Directions:
Nothing but the line containing "arc A0 (1.2184, 21.9876)" and the lines after it in the entries below should appear, each repeated exactly.

Dataset records:

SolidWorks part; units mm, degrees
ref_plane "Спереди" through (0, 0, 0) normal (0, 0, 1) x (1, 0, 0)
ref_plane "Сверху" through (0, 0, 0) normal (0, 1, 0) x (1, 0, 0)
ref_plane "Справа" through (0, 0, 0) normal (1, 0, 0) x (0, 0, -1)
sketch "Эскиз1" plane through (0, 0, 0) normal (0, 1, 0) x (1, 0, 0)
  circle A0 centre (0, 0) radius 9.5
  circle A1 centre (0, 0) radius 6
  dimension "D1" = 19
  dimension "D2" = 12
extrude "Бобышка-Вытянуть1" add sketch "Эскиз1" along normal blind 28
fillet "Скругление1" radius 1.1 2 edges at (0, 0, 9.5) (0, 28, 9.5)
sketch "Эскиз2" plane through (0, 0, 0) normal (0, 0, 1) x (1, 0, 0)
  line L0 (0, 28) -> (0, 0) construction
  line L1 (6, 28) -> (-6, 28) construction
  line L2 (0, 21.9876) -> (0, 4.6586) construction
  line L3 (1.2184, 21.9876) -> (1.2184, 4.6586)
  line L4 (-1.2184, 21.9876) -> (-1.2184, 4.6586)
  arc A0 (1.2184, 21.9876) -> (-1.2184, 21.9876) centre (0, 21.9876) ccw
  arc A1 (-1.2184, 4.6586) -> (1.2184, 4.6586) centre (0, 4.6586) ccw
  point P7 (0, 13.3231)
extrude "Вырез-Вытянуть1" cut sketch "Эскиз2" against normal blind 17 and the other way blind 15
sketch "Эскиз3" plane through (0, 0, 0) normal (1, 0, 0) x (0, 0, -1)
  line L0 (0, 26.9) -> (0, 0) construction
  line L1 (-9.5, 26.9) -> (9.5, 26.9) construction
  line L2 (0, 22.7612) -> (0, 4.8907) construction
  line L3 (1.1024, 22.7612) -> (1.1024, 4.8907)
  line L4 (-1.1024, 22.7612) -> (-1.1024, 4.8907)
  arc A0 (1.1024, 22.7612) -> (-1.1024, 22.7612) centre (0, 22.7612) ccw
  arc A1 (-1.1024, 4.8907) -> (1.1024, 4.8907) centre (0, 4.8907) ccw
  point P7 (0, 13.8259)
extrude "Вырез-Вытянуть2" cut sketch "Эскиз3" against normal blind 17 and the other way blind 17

Exercise solution:
  arc A0 (1.2184, 21.9876) -> (-1.2184, 21.9876) centre (0, 21.9876) ccw
  arc A1 (-1.2184, 4.6586) -> (1.2184, 4.6586) centre (0, 4.6586) ccw
  point P7 (0, 13.3231)
extrude "Вырез-Вытянуть1" cut sketch "Эскиз2" against normal blind 17 and the other way blind 15
sketch "Эскиз3" plane through (0, 0, 0) normal (1, 0, 0) x (0, 0, -1)
  line L0 (0, 26.9) -> (0, 0) construction
  line L1 (-9.5, 26.9) -> (9.5, 26.9) construction
  line L2 (0, 22.7612) -> (0, 4.8907) construction
  line L3 (1.1024, 22.7612) -> (1.1024, 4.8907)
  line L4 (-1.1024, 22.7612) -> (-1.1024, 4.8907)
  arc A0 (1.1024, 22.7612) -> (-1.1024, 22.7612) centre (0, 22.7612) ccw
  arc A1 (-1.1024, 4.8907) -> (1.1024, 4.8907) centre (0, 4.8907) ccw
  point P7 (0, 13.8259)
extrude "Вырез-Вытянуть2" cut sketch "Эскиз3" against normal blind 17 and the other way blind 17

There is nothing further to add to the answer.